Needed from the data below: every line from the one with "#72=AXIS2_PLACEMENT_3D('',#69,#70,#71);" up to and including the one with "#133=FACE_BOUND('',#132,.T.);", repeated exactly and with nothing else.

....

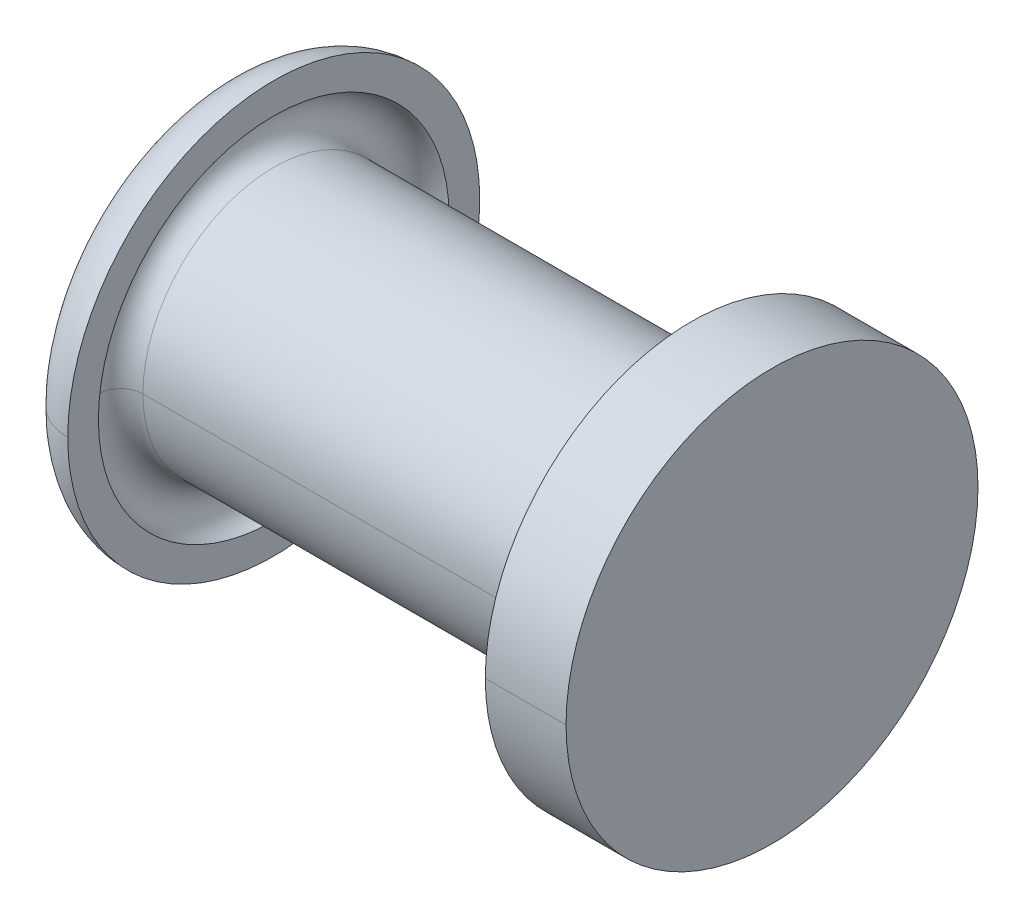
ISO-10303-21;
HEADER;
FILE_DESCRIPTION(('STEP AP214'),'2;1');
FILE_NAME('part.step','',(''),(''),'','','');
FILE_SCHEMA(('AUTOMOTIVE_DESIGN { 1 0 10303 214 1 1 1 1 }'));
ENDSEC;
DATA;
#1=APPLICATION_CONTEXT('core data for automotive mechanical design processes');
#2=APPLICATION_PROTOCOL_DEFINITION('international standard','automotive_design',2000,#1);
#3=PRODUCT_CONTEXT('',#1,'mechanical');
#4=PRODUCT('Part','Part','',(#3));
#5=PRODUCT_RELATED_PRODUCT_CATEGORY('part','',(#4));
#6=PRODUCT_DEFINITION_FORMATION('','',#4);
#7=PRODUCT_DEFINITION_CONTEXT('part definition',#1,'design');
#8=PRODUCT_DEFINITION('design','',#6,#7);
#9=PRODUCT_DEFINITION_SHAPE('','',#8);
#10=(LENGTH_UNIT() NAMED_UNIT(*) SI_UNIT(.MILLI.,.METRE.));
#11=(NAMED_UNIT(*) PLANE_ANGLE_UNIT() SI_UNIT($,.RADIAN.));
#12=(NAMED_UNIT(*) SI_UNIT($,.STERADIAN.) SOLID_ANGLE_UNIT());
#13=UNCERTAINTY_MEASURE_WITH_UNIT(LENGTH_MEASURE(1.E-05),#10,'distance_accuracy_value','');
#14=(GEOMETRIC_REPRESENTATION_CONTEXT(3) GLOBAL_UNCERTAINTY_ASSIGNED_CONTEXT((#13)) GLOBAL_UNIT_ASSIGNED_CONTEXT((#10,
#11,#12)) REPRESENTATION_CONTEXT('',''));
#15=CARTESIAN_POINT('',(0.,0.,0.));
#16=DIRECTION('',(0.,0.,1.));
#17=DIRECTION('',(1.,0.,0.));
#18=AXIS2_PLACEMENT_3D('',#15,#16,#17);
#19=CARTESIAN_POINT('',(-1.33017304996104,0.,0.));
#20=DIRECTION('',(-1.,0.,0.));
#21=DIRECTION('',(0.,0.,1.));
#22=AXIS2_PLACEMENT_3D('',#19,#20,#21);
#23=CONICAL_SURFACE('',#22,0.,1.02974425867665);
#24=DIRECTION('',(0.515038074910056,0.,-0.857167300702111));
#25=VECTOR('',#24,1.);
#26=CARTESIAN_POINT('',(-1.87959999999989,0.,0.914400000000071));
#27=LINE('',#26,#25);
#28=CARTESIAN_POINT('',(-1.87959999999994,0.,0.914400000000035));
#29=VERTEX_POINT('',#28);
#30=CARTESIAN_POINT('',(-1.33017304996104,0.,0.));
#31=VERTEX_POINT('',#30);
#32=EDGE_CURVE('E25',#29,#31,#27,.T.);
#33=ORIENTED_EDGE('',*,*,#32,.F.);
#34=CARTESIAN_POINT('',(-1.87959999999989,0.,0.));
#35=DIRECTION('',(-1.,0.,0.));
#36=DIRECTION('',(0.,0.,1.));
#37=AXIS2_PLACEMENT_3D('',#34,#35,#36);
#38=CIRCLE('',#37,0.914400000000071);
#39=CARTESIAN_POINT('',(-1.87959999999994,0.,-0.914400000000035));
#40=VERTEX_POINT('',#39);
#41=EDGE_CURVE('E20',#29,#40,#38,.T.);
#42=ORIENTED_EDGE('',*,*,#41,.T.);
#43=DIRECTION('',(0.515038074910056,0.,0.857167300702111));
#44=VECTOR('',#43,1.);
#45=CARTESIAN_POINT('',(-1.87959999999989,0.,-0.914400000000071));
#46=LINE('',#45,#44);
#47=EDGE_CURVE('E11',#40,#31,#46,.T.);
#48=ORIENTED_EDGE('',*,*,#47,.T.);
#49=EDGE_LOOP('',(#33,#42,#48));
#50=FACE_BOUND('',#49,.T.);
#51=ADVANCED_FACE('F17',(#50),#23,.F.);
#52=CARTESIAN_POINT('',(-1.33017304996104,0.,0.));
#53=DIRECTION('',(-1.,0.,0.));
#54=DIRECTION('',(0.,0.,1.));
#55=AXIS2_PLACEMENT_3D('',#52,#53,#54);
#56=CONICAL_SURFACE('',#55,0.,1.02974425867665);
#57=ORIENTED_EDGE('',*,*,#47,.F.);
#58=CARTESIAN_POINT('',(-1.87959999999989,0.,0.));
#59=DIRECTION('',(-1.,0.,0.));
#60=DIRECTION('',(0.,0.,-1.));
#61=AXIS2_PLACEMENT_3D('',#58,#59,#60);
#62=CIRCLE('',#61,0.914400000000071);
#63=EDGE_CURVE('E93',#40,#29,#62,.T.);
#64=ORIENTED_EDGE('',*,*,#63,.T.);
#65=ORIENTED_EDGE('',*,*,#32,.T.);
#66=EDGE_LOOP('',(#57,#64,#65));
#67=FACE_BOUND('',#66,.T.);
#68=ADVANCED_FACE('F92',(#67),#56,.F.);
#69=CARTESIAN_POINT('',(-1.905,0.,0.));
#70=DIRECTION('',(1.,0.,0.));
#71=DIRECTION('',(0.,0.,-1.));
#72=AXIS2_PLACEMENT_3D('',#69,#70,#71);
#73=TOROIDAL_SURFACE('',#72,1.397,0.4826);
#74=CARTESIAN_POINT('',(-1.905,0.,0.));
#75=DIRECTION('',(1.,0.,0.));
#76=DIRECTION('',(0.,0.,1.));
#77=AXIS2_PLACEMENT_3D('',#74,#75,#76);
#78=CIRCLE('',#77,0.9144);
#79=CARTESIAN_POINT('',(-1.90500000000001,0.,0.9144));
#80=VERTEX_POINT('',#79);
#81=CARTESIAN_POINT('',(-1.90500000000001,0.,-0.9144));
#82=VERTEX_POINT('',#81);
#83=EDGE_CURVE('E100',#80,#82,#78,.T.);
#84=ORIENTED_EDGE('',*,*,#83,.T.);
#85=CARTESIAN_POINT('',(-1.905,0.,-1.397));
#86=DIRECTION('',(0.,1.,0.));
#87=DIRECTION('',(0.,0.,-1.));
#88=AXIS2_PLACEMENT_3D('',#85,#86,#87);
#89=CIRCLE('',#88,0.4826);
#90=CARTESIAN_POINT('',(-1.905,0.,-1.8796));
#91=VERTEX_POINT('',#90);
#92=EDGE_CURVE('E112',#91,#82,#89,.T.);
#93=ORIENTED_EDGE('',*,*,#92,.F.);
#94=CARTESIAN_POINT('',(-1.905,0.,0.));
#95=DIRECTION('',(1.,0.,0.));
#96=DIRECTION('',(0.,0.,1.));
#97=AXIS2_PLACEMENT_3D('',#94,#95,#96);
#98=CIRCLE('',#97,1.8796);
#99=CARTESIAN_POINT('',(-1.905,0.,1.8796));
#100=VERTEX_POINT('',#99);
#101=EDGE_CURVE('E118',#100,#91,#98,.T.);
#102=ORIENTED_EDGE('',*,*,#101,.F.);
#103=CARTESIAN_POINT('',(-1.905,0.,1.397));
#104=DIRECTION('',(0.,-1.,0.));
#105=DIRECTION('',(0.,0.,1.));
#106=AXIS2_PLACEMENT_3D('',#103,#104,#105);
#107=CIRCLE('',#106,0.4826);
#108=EDGE_CURVE('E111',#100,#80,#107,.T.);
#109=ORIENTED_EDGE('',*,*,#108,.T.);
#110=EDGE_LOOP('',(#84,#93,#102,#109));
#111=FACE_BOUND('',#110,.T.);
#112=ADVANCED_FACE('F188',(#111),#73,.T.);
#113=CARTESIAN_POINT('',(33.1437784338811,0.,0.));
#114=DIRECTION('',(1.,0.,0.));
#115=DIRECTION('',(0.,0.,-1.));
#116=AXIS2_PLACEMENT_3D('',#113,#114,#115);
#117=CYLINDRICAL_SURFACE('',#116,0.9144);
#118=DIRECTION('',(-1.,0.,0.));
#119=VECTOR('',#118,1.);
#120=CARTESIAN_POINT('',(-1.87959999999999,0.,0.9144));
#121=LINE('',#120,#119);
#122=EDGE_CURVE('E89',#29,#80,#121,.T.);
#123=ORIENTED_EDGE('',*,*,#122,.F.);
#124=ORIENTED_EDGE('',*,*,#63,.F.);
#125=DIRECTION('',(-1.,0.,0.));
#126=VECTOR('',#125,1.);
#127=CARTESIAN_POINT('',(-1.87959999999999,0.,-0.9144));
#128=LINE('',#127,#126);
#129=EDGE_CURVE('E88',#40,#82,#128,.T.);
#130=ORIENTED_EDGE('',*,*,#129,.T.);
#131=ORIENTED_EDGE('',*,*,#83,.F.);
#132=EDGE_LOOP('',(#123,#124,#130,#131));
#133=FACE_BOUND('',#132,.T.);
#134=ADVANCED_FACE('F97',(#133),#117,.F.);
#135=CARTESIAN_POINT('',(33.1437784338811,0.,0.));
#136=DIRECTION('',(1.,0.,0.));
#137=DIRECTION('',(0.,0.,-1.));
#138=AXIS2_PLACEMENT_3D('',#135,#136,#137);
#139=CYLINDRICAL_SURFACE('',#138,0.9144);
#140=CARTESIAN_POINT('',(-1.905,0.,0.));
#141=DIRECTION('',(1.,0.,0.));
#142=DIRECTION('',(0.,0.,-1.));
#143=AXIS2_PLACEMENT_3D('',#140,#141,#142);
#144=CIRCLE('',#143,0.9144);
#145=EDGE_CURVE('E104',#82,#80,#144,.T.);
#146=ORIENTED_EDGE('',*,*,#145,.F.);
#147=ORIENTED_EDGE('',*,*,#129,.F.);
#148=ORIENTED_EDGE('',*,*,#41,.F.);
#149=ORIENTED_EDGE('',*,*,#122,.T.);
#150=EDGE_LOOP('',(#146,#147,#148,#149));
#151=FACE_BOUND('',#150,.T.);
#152=ADVANCED_FACE('F102',(#151),#139,.F.);
#153=CARTESIAN_POINT('',(-1.905,0.,0.));
#154=DIRECTION('',(1.,0.,0.));
#155=DIRECTION('',(0.,0.,-1.));
#156=AXIS2_PLACEMENT_3D('',#153,#154,#155);
#157=TOROIDAL_SURFACE('',#156,1.397,0.4826);
#158=ORIENTED_EDGE('',*,*,#108,.F.);
#159=CARTESIAN_POINT('',(-1.905,0.,0.));
#160=DIRECTION('',(1.,0.,0.));
#161=DIRECTION('',(0.,0.,-1.));
#162=AXIS2_PLACEMENT_3D('',#159,#160,#161);
#163=CIRCLE('',#162,1.8796);
#164=EDGE_CURVE('E123',#91,#100,#163,.T.);
#165=ORIENTED_EDGE('',*,*,#164,.F.);
#166=ORIENTED_EDGE('',*,*,#92,.T.);
#167=ORIENTED_EDGE('',*,*,#145,.T.);
#168=EDGE_LOOP('',(#158,#165,#166,#167));
#169=FACE_BOUND('',#168,.T.);
#170=ADVANCED_FACE('F198',(#169),#157,.T.);
#171=CARTESIAN_POINT('',(-1.905,-1.6002,0.));
#172=DIRECTION('',(-1.,0.,0.));
#173=DIRECTION('',(0.,0.,1.));
#174=AXIS2_PLACEMENT_3D('',#171,#172,#173);
#175=PLANE('',#174);
#176=CARTESIAN_POINT('',(-1.905,0.,0.));
#177=DIRECTION('',(-1.,0.,0.));
#178=DIRECTION('',(0.,0.,-1.));
#179=AXIS2_PLACEMENT_3D('',#176,#177,#178);
#180=CIRCLE('',#179,1.6002);
#181=CARTESIAN_POINT('',(-1.905,0.,-1.6002));
#182=VERTEX_POINT('',#181);
#183=CARTESIAN_POINT('',(-1.905,0.,1.6002));
#184=VERTEX_POINT('',#183);
#185=EDGE_CURVE('E121',#182,#184,#180,.T.);
#186=ORIENTED_EDGE('',*,*,#185,.T.);
#187=CARTESIAN_POINT('',(-1.905,0.,0.));
#188=DIRECTION('',(-1.,0.,0.));
#189=DIRECTION('',(0.,0.,1.));
#190=AXIS2_PLACEMENT_3D('',#187,#188,#189);
#191=CIRCLE('',#190,1.6002);
#192=EDGE_CURVE('E125',#184,#182,#191,.T.);
#193=ORIENTED_EDGE('',*,*,#192,.T.);
#194=EDGE_LOOP('',(#186,#193));
#195=FACE_BOUND('',#194,.T.);
#196=ORIENTED_EDGE('',*,*,#101,.T.);
#197=ORIENTED_EDGE('',*,*,#164,.T.);
#198=EDGE_LOOP('',(#196,#197));
#199=FACE_BOUND('',#198,.T.);
#200=ADVANCED_FACE('F201',(#195,#199),#175,.F.);
#201=CARTESIAN_POINT('',(33.1437784338811,0.,0.));
#202=DIRECTION('',(1.,0.,0.));
#203=DIRECTION('',(0.,0.,-1.));
#204=AXIS2_PLACEMENT_3D('',#201,#202,#203);
#205=CYLINDRICAL_SURFACE('',#204,1.1938);
#206=CARTESIAN_POINT('',(-1.905,0.,0.));
#207=DIRECTION('',(-1.,0.,0.));
#208=DIRECTION('',(0.,0.,-1.));
#209=AXIS2_PLACEMENT_3D('',#206,#207,#208);
#210=CIRCLE('',#209,1.1938);
#211=CARTESIAN_POINT('',(-1.90500000000001,0.,-1.1938));
#212=VERTEX_POINT('',#211);
#213=CARTESIAN_POINT('',(-1.90500000000001,0.,1.1938));
#214=VERTEX_POINT('',#213);
#215=EDGE_CURVE('E124',#212,#214,#210,.T.);
#216=ORIENTED_EDGE('',*,*,#215,.F.);
#217=DIRECTION('',(-1.,0.,0.));
#218=VECTOR('',#217,1.);
#219=CARTESIAN_POINT('',(1.90499999999998,0.,-1.1938));
#220=LINE('',#219,#218);
#221=CARTESIAN_POINT('',(1.90499999999998,0.,-1.1938));
#222=VERTEX_POINT('',#221);
#223=EDGE_CURVE('E135',#222,#212,#220,.T.);
#224=ORIENTED_EDGE('',*,*,#223,.F.);
#225=CARTESIAN_POINT('',(1.90499999999999,0.,0.));
#226=DIRECTION('',(1.,0.,0.));
#227=DIRECTION('',(0.,0.,1.));
#228=AXIS2_PLACEMENT_3D('',#225,#226,#227);
#229=CIRCLE('',#228,1.1938);
#230=CARTESIAN_POINT('',(1.90499999999998,0.,1.1938));
#231=VERTEX_POINT('',#230);
#232=EDGE_CURVE('E143',#231,#222,#229,.T.);
#233=ORIENTED_EDGE('',*,*,#232,.F.);
#234=DIRECTION('',(-1.,0.,0.));
#235=VECTOR('',#234,1.);
#236=CARTESIAN_POINT('',(1.90499999999998,0.,1.1938));
#237=LINE('',#236,#235);
#238=EDGE_CURVE('E133',#231,#214,#237,.T.);
#239=ORIENTED_EDGE('',*,*,#238,.T.);
#240=EDGE_LOOP('',(#216,#224,#233,#239));
#241=FACE_BOUND('',#240,.T.);
#242=ADVANCED_FACE('F204',(#241),#205,.T.);
#243=CARTESIAN_POINT('',(-1.905,0.,0.));
#244=DIRECTION('',(1.,0.,0.));
#245=DIRECTION('',(0.,0.,-1.));
#246=AXIS2_PLACEMENT_3D('',#243,#244,#245);
#247=TOROIDAL_SURFACE('',#246,1.397,0.2032);
#248=CARTESIAN_POINT('',(-1.905,0.,1.397));
#249=DIRECTION('',(0.,-1.,0.));
#250=DIRECTION('',(0.,0.,1.));
#251=AXIS2_PLACEMENT_3D('',#248,#249,#250);
#252=CIRCLE('',#251,0.2032);
#253=EDGE_CURVE('E128',#184,#214,#252,.T.);
#254=ORIENTED_EDGE('',*,*,#253,.F.);
#255=ORIENTED_EDGE('',*,*,#185,.F.);
#256=CARTESIAN_POINT('',(-1.905,0.,-1.397));
#257=DIRECTION('',(0.,1.,0.));
#258=DIRECTION('',(0.,0.,-1.));
#259=AXIS2_PLACEMENT_3D('',#256,#257,#258);
#260=CIRCLE('',#259,0.2032);
#261=EDGE_CURVE('E127',#182,#212,#260,.T.);
#262=ORIENTED_EDGE('',*,*,#261,.T.);
#263=ORIENTED_EDGE('',*,*,#215,.T.);
#264=EDGE_LOOP('',(#254,#255,#262,#263));
#265=FACE_BOUND('',#264,.T.);
#266=ADVANCED_FACE('F208',(#265),#247,.F.);
#267=CARTESIAN_POINT('',(-1.905,0.,0.));
#268=DIRECTION('',(1.,0.,0.));
#269=DIRECTION('',(0.,0.,-1.));
#270=AXIS2_PLACEMENT_3D('',#267,#268,#269);
#271=TOROIDAL_SURFACE('',#270,1.397,0.2032);
#272=CARTESIAN_POINT('',(-1.905,0.,0.));
#273=DIRECTION('',(-1.,0.,0.));
#274=DIRECTION('',(0.,0.,1.));
#275=AXIS2_PLACEMENT_3D('',#272,#273,#274);
#276=CIRCLE('',#275,1.1938);
#277=EDGE_CURVE('E140',#214,#212,#276,.T.);
#278=ORIENTED_EDGE('',*,*,#277,.T.);
#279=ORIENTED_EDGE('',*,*,#261,.F.);
#280=ORIENTED_EDGE('',*,*,#192,.F.);
#281=ORIENTED_EDGE('',*,*,#253,.T.);
#282=EDGE_LOOP('',(#278,#279,#280,#281));
#283=FACE_BOUND('',#282,.T.);
#284=ADVANCED_FACE('F212',(#283),#271,.F.);
#285=CARTESIAN_POINT('',(33.1437784338811,0.,0.));
#286=DIRECTION('',(1.,0.,0.));
#287=DIRECTION('',(0.,0.,-1.));
#288=AXIS2_PLACEMENT_3D('',#285,#286,#287);
#289=CYLINDRICAL_SURFACE('',#288,1.1938);
#290=ORIENTED_EDGE('',*,*,#238,.F.);
#291=CARTESIAN_POINT('',(1.90499999999999,0.,0.));
#292=DIRECTION('',(1.,0.,0.));
#293=DIRECTION('',(0.,0.,-1.));
#294=AXIS2_PLACEMENT_3D('',#291,#292,#293);
#295=CIRCLE('',#294,1.1938);
#296=EDGE_CURVE('E153',#222,#231,#295,.T.);
#297=ORIENTED_EDGE('',*,*,#296,.F.);
#298=ORIENTED_EDGE('',*,*,#223,.T.);
#299=ORIENTED_EDGE('',*,*,#277,.F.);
#300=EDGE_LOOP('',(#290,#297,#298,#299));
#301=FACE_BOUND('',#300,.T.);
#302=ADVANCED_FACE('F182',(#301),#289,.T.);
#303=CARTESIAN_POINT('',(33.1437784338811,0.,0.));
#304=DIRECTION('',(1.,0.,0.));
#305=DIRECTION('',(0.,0.,-1.));
#306=AXIS2_PLACEMENT_3D('',#303,#304,#305);
#307=CYLINDRICAL_SURFACE('',#306,1.8796);
#308=CARTESIAN_POINT('',(1.90499999999998,0.,0.));
#309=DIRECTION('',(-1.,0.,0.));
#310=DIRECTION('',(0.,0.,-1.));
#311=AXIS2_PLACEMENT_3D('',#308,#309,#310);
#312=CIRCLE('',#311,1.8796);
#313=CARTESIAN_POINT('',(1.90499999999998,0.,-1.8796));
#314=VERTEX_POINT('',#313);
#315=CARTESIAN_POINT('',(1.90499999999998,0.,1.8796));
#316=VERTEX_POINT('',#315);
#317=EDGE_CURVE('E150',#314,#316,#312,.T.);
#318=ORIENTED_EDGE('',*,*,#317,.F.);
#319=DIRECTION('',(-1.,0.,0.));
#320=VECTOR('',#319,1.);
#321=CARTESIAN_POINT('',(2.6416,0.,-1.8796));
#322=LINE('',#321,#320);
#323=CARTESIAN_POINT('',(2.6416,0.,-1.8796));
#324=VERTEX_POINT('',#323);
#325=EDGE_CURVE('E37',#324,#314,#322,.T.);
#326=ORIENTED_EDGE('',*,*,#325,.F.);
#327=CARTESIAN_POINT('',(2.6416,0.,0.));
#328=DIRECTION('',(1.,0.,0.));
#329=DIRECTION('',(0.,0.,1.));
#330=AXIS2_PLACEMENT_3D('',#327,#328,#329);
#331=CIRCLE('',#330,1.8796);
#332=CARTESIAN_POINT('',(2.6416,0.,1.8796));
#333=VERTEX_POINT('',#332);
#334=EDGE_CURVE('E32',#333,#324,#331,.T.);
#335=ORIENTED_EDGE('',*,*,#334,.F.);
#336=DIRECTION('',(-1.,0.,0.));
#337=VECTOR('',#336,1.);
#338=CARTESIAN_POINT('',(2.6416,0.,1.8796));
#339=LINE('',#338,#337);
#340=EDGE_CURVE('E148',#333,#316,#339,.T.);
#341=ORIENTED_EDGE('',*,*,#340,.T.);
#342=EDGE_LOOP('',(#318,#326,#335,#341));
#343=FACE_BOUND('',#342,.T.);
#344=ADVANCED_FACE('F170',(#343),#307,.T.);
#345=CARTESIAN_POINT('',(1.905,-1.8796,0.));
#346=DIRECTION('',(1.,0.,0.));
#347=DIRECTION('',(0.,0.,-1.));
#348=AXIS2_PLACEMENT_3D('',#345,#346,#347);
#349=PLANE('',#348);
#350=ORIENTED_EDGE('',*,*,#232,.T.);
#351=ORIENTED_EDGE('',*,*,#296,.T.);
#352=EDGE_LOOP('',(#350,#351));
#353=FACE_BOUND('',#352,.T.);
#354=ORIENTED_EDGE('',*,*,#317,.T.);
#355=CARTESIAN_POINT('',(1.90499999999998,0.,0.));
#356=DIRECTION('',(-1.,0.,0.));
#357=DIRECTION('',(0.,0.,1.));
#358=AXIS2_PLACEMENT_3D('',#355,#356,#357);
#359=CIRCLE('',#358,1.8796);
#360=EDGE_CURVE('E158',#316,#314,#359,.T.);
#361=ORIENTED_EDGE('',*,*,#360,.T.);
#362=EDGE_LOOP('',(#354,#361));
#363=FACE_BOUND('',#362,.T.);
#364=ADVANCED_FACE('F172',(#353,#363),#349,.F.);
#365=CARTESIAN_POINT('',(33.1437784338811,0.,0.));
#366=DIRECTION('',(1.,0.,0.));
#367=DIRECTION('',(0.,0.,-1.));
#368=AXIS2_PLACEMENT_3D('',#365,#366,#367);
#369=CYLINDRICAL_SURFACE('',#368,1.8796);
#370=ORIENTED_EDGE('',*,*,#340,.F.);
#371=CARTESIAN_POINT('',(2.6416,0.,0.));
#372=DIRECTION('',(1.,0.,0.));
#373=DIRECTION('',(0.,0.,-1.));
#374=AXIS2_PLACEMENT_3D('',#371,#372,#373);
#375=CIRCLE('',#374,1.8796);
#376=EDGE_CURVE('E163',#324,#333,#375,.T.);
#377=ORIENTED_EDGE('',*,*,#376,.F.);
#378=ORIENTED_EDGE('',*,*,#325,.T.);
#379=ORIENTED_EDGE('',*,*,#360,.F.);
#380=EDGE_LOOP('',(#370,#377,#378,#379));
#381=FACE_BOUND('',#380,.T.);
#382=ADVANCED_FACE('F168',(#381),#369,.T.);
#383=CARTESIAN_POINT('',(2.6416,0.,0.));
#384=DIRECTION('',(-1.,0.,0.));
#385=DIRECTION('',(0.,0.,1.));
#386=AXIS2_PLACEMENT_3D('',#383,#384,#385);
#387=PLANE('',#386);
#388=ORIENTED_EDGE('',*,*,#334,.T.);
#389=ORIENTED_EDGE('',*,*,#376,.T.);
#390=EDGE_LOOP('',(#388,#389));
#391=FACE_BOUND('',#390,.T.);
#392=ADVANCED_FACE('F166',(#391),#387,.F.);
#393=CLOSED_SHELL('',(#51,#68,#112,#134,#152,#170,#200,#242,#266,#284,#302,#344,#364,#382,#392));
#394=MANIFOLD_SOLID_BREP('B1',#393);
#395=ADVANCED_BREP_SHAPE_REPRESENTATION('',(#18,#394),#14);
#396=SHAPE_DEFINITION_REPRESENTATION(#9,#395);
ENDSEC;
END-ISO-10303-21;

....

TASK ANSWER >>
#72=AXIS2_PLACEMENT_3D('',#69,#70,#71);
#73=TOROIDAL_SURFACE('',#72,1.397,0.4826);
#74=CARTESIAN_POINT('',(-1.905,0.,0.));
#75=DIRECTION('',(1.,0.,0.));
#76=DIRECTION('',(0.,0.,1.));
#77=AXIS2_PLACEMENT_3D('',#74,#75,#76);
#78=CIRCLE('',#77,0.9144);
#79=CARTESIAN_POINT('',(-1.90500000000001,0.,0.9144));
#80=VERTEX_POINT('',#79);
#81=CARTESIAN_POINT('',(-1.90500000000001,0.,-0.9144));
#82=VERTEX_POINT('',#81);
#83=EDGE_CURVE('E100',#80,#82,#78,.T.);
#84=ORIENTED_EDGE('',*,*,#83,.T.);
#85=CARTESIAN_POINT('',(-1.905,0.,-1.397));
#86=DIRECTION('',(0.,1.,0.));
#87=DIRECTION('',(0.,0.,-1.));
#88=AXIS2_PLACEMENT_3D('',#85,#86,#87);
#89=CIRCLE('',#88,0.4826);
#90=CARTESIAN_POINT('',(-1.905,0.,-1.8796));
#91=VERTEX_POINT('',#90);
#92=EDGE_CURVE('E112',#91,#82,#89,.T.);
#93=ORIENTED_EDGE('',*,*,#92,.F.);
#94=CARTESIAN_POINT('',(-1.905,0.,0.));
#95=DIRECTION('',(1.,0.,0.));
#96=DIRECTION('',(0.,0.,1.));
#97=AXIS2_PLACEMENT_3D('',#94,#95,#96);
#98=CIRCLE('',#97,1.8796);
#99=CARTESIAN_POINT('',(-1.905,0.,1.8796));
#100=VERTEX_POINT('',#99);
#101=EDGE_CURVE('E118',#100,#91,#98,.T.);
#102=ORIENTED_EDGE('',*,*,#101,.F.);
#103=CARTESIAN_POINT('',(-1.905,0.,1.397));
#104=DIRECTION('',(0.,-1.,0.));
#105=DIRECTION('',(0.,0.,1.));
#106=AXIS2_PLACEMENT_3D('',#103,#104,#105);
#107=CIRCLE('',#106,0.4826);
#108=EDGE_CURVE('E111',#100,#80,#107,.T.);
#109=ORIENTED_EDGE('',*,*,#108,.T.);
#110=EDGE_LOOP('',(#84,#93,#102,#109));
#111=FACE_BOUND('',#110,.T.);
#112=ADVANCED_FACE('F188',(#111),#73,.T.);
#113=CARTESIAN_POINT('',(33.1437784338811,0.,0.));
#114=DIRECTION('',(1.,0.,0.));
#115=DIRECTION('',(0.,0.,-1.));
#116=AXIS2_PLACEMENT_3D('',#113,#114,#115);
#117=CYLINDRICAL_SURFACE('',#116,0.9144);
#118=DIRECTION('',(-1.,0.,0.));
#119=VECTOR('',#118,1.);
#120=CARTESIAN_POINT('',(-1.87959999999999,0.,0.9144));
#121=LINE('',#120,#119);
#122=EDGE_CURVE('E89',#29,#80,#121,.T.);
#123=ORIENTED_EDGE('',*,*,#122,.F.);
#124=ORIENTED_EDGE('',*,*,#63,.F.);
#125=DIRECTION('',(-1.,0.,0.));
#126=VECTOR('',#125,1.);
#127=CARTESIAN_POINT('',(-1.87959999999999,0.,-0.9144));
#128=LINE('',#127,#126);
#129=EDGE_CURVE('E88',#40,#82,#128,.T.);
#130=ORIENTED_EDGE('',*,*,#129,.T.);
#131=ORIENTED_EDGE('',*,*,#83,.F.);
#132=EDGE_LOOP('',(#123,#124,#130,#131));
#133=FACE_BOUND('',#132,.T.);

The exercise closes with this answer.